More NBA Than You Could Ever Want: A Review

I enjoy reading Bill Simmons’s sports columns. They’re clever, funny, and contain a lot of pop culture references. I’ve been reading them semi-regularly since 2010, a little before he launched the sports and pop culture website Grantland.

After reading The Book of Basketball, Simmons’s 700-plus-page magnum opus on the NBA, I came to an important realization: I enjoy reading Bill Simmons’s columns. The book, while it was entertaining in spots, and contained everything about his writing that I like in smaller doses, just seemed baggy and stretched out by the time I was done.

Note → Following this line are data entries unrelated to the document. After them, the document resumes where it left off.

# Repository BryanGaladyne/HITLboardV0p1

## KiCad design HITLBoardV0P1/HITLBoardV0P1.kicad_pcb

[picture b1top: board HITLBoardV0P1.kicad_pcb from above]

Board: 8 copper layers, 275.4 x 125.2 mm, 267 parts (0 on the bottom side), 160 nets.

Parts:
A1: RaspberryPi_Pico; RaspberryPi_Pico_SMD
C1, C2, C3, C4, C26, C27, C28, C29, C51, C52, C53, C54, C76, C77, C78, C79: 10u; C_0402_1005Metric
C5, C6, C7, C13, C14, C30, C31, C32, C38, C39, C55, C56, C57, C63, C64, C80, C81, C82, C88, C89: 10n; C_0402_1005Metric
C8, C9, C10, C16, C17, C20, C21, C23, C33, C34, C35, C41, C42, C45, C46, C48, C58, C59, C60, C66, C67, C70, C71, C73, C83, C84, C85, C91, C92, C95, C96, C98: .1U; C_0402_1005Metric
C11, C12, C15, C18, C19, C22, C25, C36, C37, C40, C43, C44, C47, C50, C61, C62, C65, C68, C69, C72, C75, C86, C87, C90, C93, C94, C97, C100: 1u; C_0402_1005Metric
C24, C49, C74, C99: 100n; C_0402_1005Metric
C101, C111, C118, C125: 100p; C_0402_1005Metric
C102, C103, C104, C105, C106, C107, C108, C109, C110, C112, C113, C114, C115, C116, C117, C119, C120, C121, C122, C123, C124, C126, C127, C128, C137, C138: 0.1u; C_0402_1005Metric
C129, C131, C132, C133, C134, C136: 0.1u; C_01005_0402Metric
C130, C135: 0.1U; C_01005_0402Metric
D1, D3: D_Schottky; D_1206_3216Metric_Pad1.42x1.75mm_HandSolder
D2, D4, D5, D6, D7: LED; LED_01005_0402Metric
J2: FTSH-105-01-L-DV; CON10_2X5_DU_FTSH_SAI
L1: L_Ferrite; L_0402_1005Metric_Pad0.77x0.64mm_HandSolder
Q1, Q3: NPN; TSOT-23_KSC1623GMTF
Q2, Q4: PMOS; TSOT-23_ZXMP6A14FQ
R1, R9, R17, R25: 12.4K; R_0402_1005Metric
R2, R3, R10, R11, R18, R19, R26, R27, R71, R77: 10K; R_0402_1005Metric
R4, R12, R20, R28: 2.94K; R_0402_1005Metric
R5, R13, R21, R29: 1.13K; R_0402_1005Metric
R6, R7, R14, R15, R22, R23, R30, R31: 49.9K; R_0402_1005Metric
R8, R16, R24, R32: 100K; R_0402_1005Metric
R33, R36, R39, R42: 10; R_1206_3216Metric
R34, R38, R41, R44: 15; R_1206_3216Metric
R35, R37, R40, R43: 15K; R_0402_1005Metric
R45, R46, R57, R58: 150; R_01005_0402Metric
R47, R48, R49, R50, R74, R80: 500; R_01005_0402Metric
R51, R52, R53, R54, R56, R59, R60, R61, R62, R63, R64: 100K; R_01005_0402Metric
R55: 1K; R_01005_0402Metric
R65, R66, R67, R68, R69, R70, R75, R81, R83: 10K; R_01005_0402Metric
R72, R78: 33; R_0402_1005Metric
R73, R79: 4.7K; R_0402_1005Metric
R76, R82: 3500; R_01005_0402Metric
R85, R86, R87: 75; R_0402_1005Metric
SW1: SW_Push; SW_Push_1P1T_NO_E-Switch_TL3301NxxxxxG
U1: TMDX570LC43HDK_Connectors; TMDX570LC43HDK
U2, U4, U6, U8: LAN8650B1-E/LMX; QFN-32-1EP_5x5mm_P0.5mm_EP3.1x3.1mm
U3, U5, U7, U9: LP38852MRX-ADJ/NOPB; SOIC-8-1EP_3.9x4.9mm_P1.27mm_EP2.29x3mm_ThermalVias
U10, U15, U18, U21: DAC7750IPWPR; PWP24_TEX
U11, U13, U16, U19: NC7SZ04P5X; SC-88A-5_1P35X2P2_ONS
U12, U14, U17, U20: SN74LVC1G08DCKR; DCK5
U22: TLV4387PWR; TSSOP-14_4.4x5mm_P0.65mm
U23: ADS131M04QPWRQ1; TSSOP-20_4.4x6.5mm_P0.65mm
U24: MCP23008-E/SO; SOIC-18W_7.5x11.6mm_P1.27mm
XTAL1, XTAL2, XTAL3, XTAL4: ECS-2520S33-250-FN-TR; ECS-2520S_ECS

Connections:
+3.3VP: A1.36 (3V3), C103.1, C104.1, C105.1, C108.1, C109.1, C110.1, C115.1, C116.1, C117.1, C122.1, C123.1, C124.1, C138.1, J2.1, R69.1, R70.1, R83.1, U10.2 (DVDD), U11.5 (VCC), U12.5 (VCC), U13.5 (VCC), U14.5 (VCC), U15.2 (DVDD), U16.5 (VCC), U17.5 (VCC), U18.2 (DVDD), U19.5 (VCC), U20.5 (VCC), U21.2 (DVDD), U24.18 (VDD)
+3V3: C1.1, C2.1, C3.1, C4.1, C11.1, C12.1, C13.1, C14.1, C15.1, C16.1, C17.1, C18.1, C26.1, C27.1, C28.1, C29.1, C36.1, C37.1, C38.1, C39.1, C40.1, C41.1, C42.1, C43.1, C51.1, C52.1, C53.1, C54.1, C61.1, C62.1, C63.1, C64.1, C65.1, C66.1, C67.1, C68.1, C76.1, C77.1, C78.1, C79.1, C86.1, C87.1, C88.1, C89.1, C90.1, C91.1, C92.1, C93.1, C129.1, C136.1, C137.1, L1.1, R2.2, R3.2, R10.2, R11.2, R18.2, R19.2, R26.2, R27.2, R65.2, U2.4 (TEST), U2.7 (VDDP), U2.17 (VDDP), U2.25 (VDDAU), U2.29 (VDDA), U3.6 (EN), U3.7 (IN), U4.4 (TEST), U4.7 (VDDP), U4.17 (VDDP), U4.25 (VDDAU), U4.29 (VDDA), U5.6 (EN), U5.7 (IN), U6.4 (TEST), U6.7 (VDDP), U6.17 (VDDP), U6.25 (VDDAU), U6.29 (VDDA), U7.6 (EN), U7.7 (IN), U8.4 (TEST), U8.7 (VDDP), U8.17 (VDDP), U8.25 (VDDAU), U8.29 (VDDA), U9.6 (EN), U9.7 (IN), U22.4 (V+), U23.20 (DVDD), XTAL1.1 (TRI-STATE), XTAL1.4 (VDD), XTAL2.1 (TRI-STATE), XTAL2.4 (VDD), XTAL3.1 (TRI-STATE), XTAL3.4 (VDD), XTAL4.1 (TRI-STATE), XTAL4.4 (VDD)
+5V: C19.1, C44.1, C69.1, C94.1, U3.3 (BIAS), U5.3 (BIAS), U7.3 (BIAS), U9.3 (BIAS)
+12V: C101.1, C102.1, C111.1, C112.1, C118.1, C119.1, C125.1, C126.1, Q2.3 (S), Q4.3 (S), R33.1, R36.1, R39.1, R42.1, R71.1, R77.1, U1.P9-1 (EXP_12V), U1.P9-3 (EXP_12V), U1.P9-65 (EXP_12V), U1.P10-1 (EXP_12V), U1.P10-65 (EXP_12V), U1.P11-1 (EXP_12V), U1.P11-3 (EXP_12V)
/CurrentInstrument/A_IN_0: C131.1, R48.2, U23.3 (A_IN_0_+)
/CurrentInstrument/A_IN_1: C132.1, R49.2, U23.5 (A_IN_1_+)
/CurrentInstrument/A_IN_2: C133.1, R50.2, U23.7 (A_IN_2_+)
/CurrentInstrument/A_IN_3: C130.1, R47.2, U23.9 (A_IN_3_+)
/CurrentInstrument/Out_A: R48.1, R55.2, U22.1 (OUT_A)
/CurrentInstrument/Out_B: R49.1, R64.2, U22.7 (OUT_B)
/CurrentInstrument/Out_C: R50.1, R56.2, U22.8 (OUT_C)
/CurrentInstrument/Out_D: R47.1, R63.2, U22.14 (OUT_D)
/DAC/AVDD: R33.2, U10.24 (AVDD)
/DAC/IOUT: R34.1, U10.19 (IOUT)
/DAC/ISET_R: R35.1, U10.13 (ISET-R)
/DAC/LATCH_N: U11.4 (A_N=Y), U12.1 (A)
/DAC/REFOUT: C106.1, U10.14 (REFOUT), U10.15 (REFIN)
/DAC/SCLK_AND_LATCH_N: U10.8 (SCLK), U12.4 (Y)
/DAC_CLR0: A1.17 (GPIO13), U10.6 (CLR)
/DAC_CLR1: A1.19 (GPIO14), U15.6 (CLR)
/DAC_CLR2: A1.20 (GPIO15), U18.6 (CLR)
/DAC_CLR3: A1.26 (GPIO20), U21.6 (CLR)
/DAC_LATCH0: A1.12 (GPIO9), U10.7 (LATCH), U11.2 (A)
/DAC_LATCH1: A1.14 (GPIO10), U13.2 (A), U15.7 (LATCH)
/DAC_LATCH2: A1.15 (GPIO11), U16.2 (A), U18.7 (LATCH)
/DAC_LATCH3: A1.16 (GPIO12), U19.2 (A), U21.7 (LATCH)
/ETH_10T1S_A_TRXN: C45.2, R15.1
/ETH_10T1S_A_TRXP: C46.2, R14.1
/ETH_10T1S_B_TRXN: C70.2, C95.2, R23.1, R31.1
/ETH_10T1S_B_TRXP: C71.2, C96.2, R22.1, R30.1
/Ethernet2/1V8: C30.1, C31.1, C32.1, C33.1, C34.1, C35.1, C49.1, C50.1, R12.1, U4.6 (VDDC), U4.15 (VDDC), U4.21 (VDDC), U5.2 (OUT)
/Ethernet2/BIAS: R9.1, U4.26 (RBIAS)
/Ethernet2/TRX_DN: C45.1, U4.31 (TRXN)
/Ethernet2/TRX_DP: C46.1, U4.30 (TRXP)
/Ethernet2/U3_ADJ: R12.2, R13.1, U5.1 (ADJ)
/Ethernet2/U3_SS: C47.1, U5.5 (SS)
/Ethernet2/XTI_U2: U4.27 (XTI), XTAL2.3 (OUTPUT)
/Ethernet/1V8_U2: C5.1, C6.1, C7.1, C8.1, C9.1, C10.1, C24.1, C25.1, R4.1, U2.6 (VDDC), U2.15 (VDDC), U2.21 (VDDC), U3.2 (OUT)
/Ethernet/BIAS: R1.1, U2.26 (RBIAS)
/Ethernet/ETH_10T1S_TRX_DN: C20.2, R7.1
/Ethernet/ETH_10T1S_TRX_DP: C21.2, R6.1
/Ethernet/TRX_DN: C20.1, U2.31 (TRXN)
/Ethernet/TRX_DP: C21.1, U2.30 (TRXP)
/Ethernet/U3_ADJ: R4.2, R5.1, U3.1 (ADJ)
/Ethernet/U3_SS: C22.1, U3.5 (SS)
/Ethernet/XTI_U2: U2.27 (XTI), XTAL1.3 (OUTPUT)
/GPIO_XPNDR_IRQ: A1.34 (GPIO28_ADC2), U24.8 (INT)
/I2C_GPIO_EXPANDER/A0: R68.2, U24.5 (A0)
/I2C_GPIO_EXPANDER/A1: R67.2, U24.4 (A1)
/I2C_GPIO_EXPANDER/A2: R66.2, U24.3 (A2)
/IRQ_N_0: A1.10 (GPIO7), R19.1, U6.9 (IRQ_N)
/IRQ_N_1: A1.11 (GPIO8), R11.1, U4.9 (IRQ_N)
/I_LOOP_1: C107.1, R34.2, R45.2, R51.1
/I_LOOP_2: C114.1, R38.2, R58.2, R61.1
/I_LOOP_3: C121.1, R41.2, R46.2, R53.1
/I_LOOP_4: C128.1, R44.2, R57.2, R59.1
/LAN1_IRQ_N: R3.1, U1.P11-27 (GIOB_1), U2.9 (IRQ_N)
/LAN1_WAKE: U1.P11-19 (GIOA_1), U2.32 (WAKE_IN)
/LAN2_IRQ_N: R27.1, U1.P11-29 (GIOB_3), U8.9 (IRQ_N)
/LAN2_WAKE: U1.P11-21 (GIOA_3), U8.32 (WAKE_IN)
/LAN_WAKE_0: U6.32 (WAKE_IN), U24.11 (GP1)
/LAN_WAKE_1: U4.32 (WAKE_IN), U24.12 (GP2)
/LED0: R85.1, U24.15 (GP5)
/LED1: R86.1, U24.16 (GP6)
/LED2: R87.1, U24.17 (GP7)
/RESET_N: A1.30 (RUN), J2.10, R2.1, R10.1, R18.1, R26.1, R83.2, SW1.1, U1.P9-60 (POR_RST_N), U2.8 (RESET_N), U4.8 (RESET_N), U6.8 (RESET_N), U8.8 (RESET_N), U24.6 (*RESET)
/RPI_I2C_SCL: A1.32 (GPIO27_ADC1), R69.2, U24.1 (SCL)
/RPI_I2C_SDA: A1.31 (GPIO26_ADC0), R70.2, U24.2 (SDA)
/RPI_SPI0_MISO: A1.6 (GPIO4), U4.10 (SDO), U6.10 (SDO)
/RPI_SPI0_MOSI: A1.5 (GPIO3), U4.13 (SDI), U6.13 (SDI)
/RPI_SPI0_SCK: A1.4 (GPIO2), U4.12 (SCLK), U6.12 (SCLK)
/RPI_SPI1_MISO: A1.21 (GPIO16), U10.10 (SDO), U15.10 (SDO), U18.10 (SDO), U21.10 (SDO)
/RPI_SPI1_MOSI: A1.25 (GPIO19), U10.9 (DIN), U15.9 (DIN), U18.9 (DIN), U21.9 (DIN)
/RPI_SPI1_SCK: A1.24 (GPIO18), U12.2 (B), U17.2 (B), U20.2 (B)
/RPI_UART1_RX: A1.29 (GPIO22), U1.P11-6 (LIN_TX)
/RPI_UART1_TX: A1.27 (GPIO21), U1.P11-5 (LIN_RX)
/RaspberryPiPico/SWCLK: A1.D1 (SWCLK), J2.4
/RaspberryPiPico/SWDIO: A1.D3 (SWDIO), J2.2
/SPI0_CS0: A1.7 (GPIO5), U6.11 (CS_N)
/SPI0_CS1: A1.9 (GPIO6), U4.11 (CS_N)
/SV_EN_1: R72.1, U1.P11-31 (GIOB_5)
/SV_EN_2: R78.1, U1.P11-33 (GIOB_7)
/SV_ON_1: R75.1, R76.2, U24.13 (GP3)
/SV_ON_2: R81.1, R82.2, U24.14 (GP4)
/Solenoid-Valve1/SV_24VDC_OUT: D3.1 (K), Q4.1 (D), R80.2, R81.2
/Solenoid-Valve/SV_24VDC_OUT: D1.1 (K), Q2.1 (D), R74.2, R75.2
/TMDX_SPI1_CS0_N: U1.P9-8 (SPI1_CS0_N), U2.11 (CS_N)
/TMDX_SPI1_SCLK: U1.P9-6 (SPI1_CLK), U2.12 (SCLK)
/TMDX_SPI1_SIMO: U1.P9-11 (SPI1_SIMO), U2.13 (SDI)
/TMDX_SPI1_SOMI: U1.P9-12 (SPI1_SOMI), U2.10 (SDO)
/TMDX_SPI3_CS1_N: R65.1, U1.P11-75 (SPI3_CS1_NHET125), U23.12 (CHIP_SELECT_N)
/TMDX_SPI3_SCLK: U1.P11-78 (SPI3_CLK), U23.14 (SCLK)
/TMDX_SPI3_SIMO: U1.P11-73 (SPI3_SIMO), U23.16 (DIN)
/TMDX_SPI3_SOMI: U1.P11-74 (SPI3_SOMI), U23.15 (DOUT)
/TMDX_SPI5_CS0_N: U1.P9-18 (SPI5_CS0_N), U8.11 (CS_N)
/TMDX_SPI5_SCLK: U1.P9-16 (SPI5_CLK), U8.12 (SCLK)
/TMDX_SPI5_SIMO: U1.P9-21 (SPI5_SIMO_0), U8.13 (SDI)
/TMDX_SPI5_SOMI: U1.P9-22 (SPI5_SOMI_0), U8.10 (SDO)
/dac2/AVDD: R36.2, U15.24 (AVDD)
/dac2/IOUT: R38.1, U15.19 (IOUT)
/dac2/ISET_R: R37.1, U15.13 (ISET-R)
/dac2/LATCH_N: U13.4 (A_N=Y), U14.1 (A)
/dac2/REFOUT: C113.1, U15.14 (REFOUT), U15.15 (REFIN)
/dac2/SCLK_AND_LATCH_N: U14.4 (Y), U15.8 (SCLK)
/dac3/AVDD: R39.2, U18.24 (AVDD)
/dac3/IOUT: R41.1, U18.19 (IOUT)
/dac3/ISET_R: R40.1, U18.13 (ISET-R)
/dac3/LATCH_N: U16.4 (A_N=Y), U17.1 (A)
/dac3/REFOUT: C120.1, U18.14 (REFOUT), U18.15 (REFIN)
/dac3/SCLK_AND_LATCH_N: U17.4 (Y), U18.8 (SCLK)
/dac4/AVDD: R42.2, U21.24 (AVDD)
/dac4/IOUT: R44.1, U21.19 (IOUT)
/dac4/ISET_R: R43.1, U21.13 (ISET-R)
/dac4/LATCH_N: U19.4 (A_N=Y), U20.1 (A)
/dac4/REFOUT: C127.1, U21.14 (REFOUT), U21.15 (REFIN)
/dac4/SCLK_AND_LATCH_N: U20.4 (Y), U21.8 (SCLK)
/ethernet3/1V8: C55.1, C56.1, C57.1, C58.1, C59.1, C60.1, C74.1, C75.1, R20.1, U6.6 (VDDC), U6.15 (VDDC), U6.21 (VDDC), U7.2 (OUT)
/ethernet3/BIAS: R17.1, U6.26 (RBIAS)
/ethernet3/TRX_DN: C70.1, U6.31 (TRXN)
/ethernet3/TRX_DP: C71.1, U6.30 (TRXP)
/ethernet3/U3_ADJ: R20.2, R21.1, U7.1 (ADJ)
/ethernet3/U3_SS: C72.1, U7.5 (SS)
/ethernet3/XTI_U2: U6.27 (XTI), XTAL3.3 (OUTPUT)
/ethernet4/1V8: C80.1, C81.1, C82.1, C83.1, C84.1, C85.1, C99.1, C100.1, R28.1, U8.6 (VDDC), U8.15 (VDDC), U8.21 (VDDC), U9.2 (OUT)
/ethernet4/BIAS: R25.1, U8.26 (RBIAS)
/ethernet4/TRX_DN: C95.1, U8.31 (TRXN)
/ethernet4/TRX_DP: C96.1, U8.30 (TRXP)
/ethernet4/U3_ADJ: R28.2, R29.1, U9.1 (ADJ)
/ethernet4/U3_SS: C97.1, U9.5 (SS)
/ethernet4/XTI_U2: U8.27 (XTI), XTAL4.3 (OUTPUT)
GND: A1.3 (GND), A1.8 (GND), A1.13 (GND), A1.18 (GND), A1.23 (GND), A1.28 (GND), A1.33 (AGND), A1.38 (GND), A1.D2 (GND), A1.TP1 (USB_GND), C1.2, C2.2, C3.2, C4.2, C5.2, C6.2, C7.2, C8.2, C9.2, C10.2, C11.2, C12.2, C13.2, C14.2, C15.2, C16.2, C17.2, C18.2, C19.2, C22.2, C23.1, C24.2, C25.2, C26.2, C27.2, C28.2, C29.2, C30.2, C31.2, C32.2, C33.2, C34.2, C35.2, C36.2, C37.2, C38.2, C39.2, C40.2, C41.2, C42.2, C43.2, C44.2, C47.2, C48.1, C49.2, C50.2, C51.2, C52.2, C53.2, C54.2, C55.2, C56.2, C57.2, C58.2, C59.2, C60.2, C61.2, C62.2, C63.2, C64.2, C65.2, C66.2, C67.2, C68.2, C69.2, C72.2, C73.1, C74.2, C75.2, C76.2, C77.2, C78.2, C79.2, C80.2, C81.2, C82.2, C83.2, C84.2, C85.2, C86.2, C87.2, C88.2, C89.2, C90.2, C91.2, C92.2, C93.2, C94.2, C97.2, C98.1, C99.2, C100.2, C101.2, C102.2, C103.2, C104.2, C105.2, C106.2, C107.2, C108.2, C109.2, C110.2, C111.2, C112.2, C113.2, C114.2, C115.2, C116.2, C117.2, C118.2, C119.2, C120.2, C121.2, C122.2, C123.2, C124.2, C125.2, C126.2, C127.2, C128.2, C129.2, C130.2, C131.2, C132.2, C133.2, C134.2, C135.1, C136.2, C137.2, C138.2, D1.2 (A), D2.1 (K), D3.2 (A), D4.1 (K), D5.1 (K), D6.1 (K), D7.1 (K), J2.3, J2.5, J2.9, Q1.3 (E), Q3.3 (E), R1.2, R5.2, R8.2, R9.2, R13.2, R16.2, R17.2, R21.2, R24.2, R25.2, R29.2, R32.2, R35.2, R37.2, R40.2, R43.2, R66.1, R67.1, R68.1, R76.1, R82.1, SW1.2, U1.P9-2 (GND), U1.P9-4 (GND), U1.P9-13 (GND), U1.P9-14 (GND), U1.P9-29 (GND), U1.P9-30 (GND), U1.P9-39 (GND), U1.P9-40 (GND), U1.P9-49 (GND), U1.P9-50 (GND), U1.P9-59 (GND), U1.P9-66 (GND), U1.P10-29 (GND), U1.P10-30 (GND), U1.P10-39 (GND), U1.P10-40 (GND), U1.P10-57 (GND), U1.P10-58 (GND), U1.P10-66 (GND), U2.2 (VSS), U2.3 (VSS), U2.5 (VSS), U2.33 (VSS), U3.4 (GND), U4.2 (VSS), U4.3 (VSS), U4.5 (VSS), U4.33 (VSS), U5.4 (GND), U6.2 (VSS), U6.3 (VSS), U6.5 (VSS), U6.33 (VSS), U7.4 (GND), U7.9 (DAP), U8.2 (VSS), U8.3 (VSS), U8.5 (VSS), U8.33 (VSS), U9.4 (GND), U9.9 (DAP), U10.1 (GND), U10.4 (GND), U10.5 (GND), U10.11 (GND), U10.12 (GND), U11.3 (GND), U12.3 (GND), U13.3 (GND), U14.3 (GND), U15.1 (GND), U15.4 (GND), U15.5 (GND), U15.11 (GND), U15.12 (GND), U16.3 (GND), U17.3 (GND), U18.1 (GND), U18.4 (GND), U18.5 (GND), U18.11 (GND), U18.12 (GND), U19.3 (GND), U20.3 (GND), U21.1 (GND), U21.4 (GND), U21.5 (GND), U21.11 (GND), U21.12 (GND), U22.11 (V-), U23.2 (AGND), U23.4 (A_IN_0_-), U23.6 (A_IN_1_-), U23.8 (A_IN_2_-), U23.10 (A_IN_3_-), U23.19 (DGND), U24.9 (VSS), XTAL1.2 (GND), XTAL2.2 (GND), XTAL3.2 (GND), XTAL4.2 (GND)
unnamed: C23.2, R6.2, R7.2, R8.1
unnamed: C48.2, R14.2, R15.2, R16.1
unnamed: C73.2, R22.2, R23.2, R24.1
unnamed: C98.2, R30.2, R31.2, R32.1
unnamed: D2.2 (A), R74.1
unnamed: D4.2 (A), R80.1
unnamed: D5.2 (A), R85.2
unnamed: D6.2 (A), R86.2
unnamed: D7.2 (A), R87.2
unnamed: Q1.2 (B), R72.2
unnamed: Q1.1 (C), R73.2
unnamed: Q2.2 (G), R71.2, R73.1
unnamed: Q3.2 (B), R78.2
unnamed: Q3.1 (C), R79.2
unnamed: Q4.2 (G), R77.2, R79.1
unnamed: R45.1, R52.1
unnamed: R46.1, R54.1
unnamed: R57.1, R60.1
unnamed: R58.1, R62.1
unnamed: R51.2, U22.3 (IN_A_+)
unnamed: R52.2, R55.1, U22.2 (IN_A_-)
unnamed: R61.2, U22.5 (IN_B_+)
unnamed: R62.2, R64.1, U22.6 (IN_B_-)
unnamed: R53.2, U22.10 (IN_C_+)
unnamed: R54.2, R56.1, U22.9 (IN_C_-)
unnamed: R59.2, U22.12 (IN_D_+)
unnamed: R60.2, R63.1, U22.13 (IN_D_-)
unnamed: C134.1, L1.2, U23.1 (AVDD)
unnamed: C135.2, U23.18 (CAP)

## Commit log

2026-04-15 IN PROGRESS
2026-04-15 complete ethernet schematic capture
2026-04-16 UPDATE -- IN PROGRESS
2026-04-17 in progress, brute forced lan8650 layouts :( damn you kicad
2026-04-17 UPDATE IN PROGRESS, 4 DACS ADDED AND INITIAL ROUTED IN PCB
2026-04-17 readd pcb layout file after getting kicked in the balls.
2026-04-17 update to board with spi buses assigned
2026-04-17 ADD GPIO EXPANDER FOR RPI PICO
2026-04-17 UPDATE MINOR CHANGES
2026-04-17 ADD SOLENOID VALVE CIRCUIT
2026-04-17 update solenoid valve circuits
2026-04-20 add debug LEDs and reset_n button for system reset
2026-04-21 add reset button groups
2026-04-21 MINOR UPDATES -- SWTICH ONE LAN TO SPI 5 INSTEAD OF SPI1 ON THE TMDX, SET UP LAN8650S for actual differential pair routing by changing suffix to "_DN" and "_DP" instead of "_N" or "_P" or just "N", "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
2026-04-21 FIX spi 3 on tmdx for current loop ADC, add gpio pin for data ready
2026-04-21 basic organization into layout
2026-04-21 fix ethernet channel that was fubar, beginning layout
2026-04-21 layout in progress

I enjoyed the first part of the book, where Simmons reminisces about what it was like to grow up in Boston as a Celtics fan in the ’70s and ’80s. I am not a Celtics fan, but it was easy to catch his enthusiasm for that era. As the book went on, though, it boiled down to just two things: hypothetical scenarios (“What if this happened differently?”) and rankings (best players, best teams, best hair, etc.). Some of them are pretty funny, like the various All-Star teams Simmons creates based on traits people have in common: the What If All-Stars, the Looks Better on Paper All-Stars, the Thank God They Didn’t Have HD Back Then All-Stars, the All-Time Bearded All-Stars, the Billy Hoyle All-Stars (named for the Woody Harrelson character in White Men Can’t Jump, for white players who are “deceivingly white”), the What the F— Did He Do to His Hair? All-Stars, the “Crap, It’s Just Not in Me” All-Stars, the Tony La Russa All-Stars (for people whose appearance never changes), the Head Case All-Stars, the Diane Lane All-Stars (for “over-40 celebs who remain smoking hot”), and the Best Porn Name All-Stars. But by the end, I was all ranked and hypothesized out. It is fine to include rankings and hypothetical situations as part of the story you’re trying to tell, but the rankings and hypotheticals should never become the story. That’s what I think happened with this book.

But I did finish it, and that’s a point in its favor. While I could wish that it was written differently (or at least shorter), it was entertaining enough for me to keep going. And writing that is easy to read is hard work. So I give it 3 stars.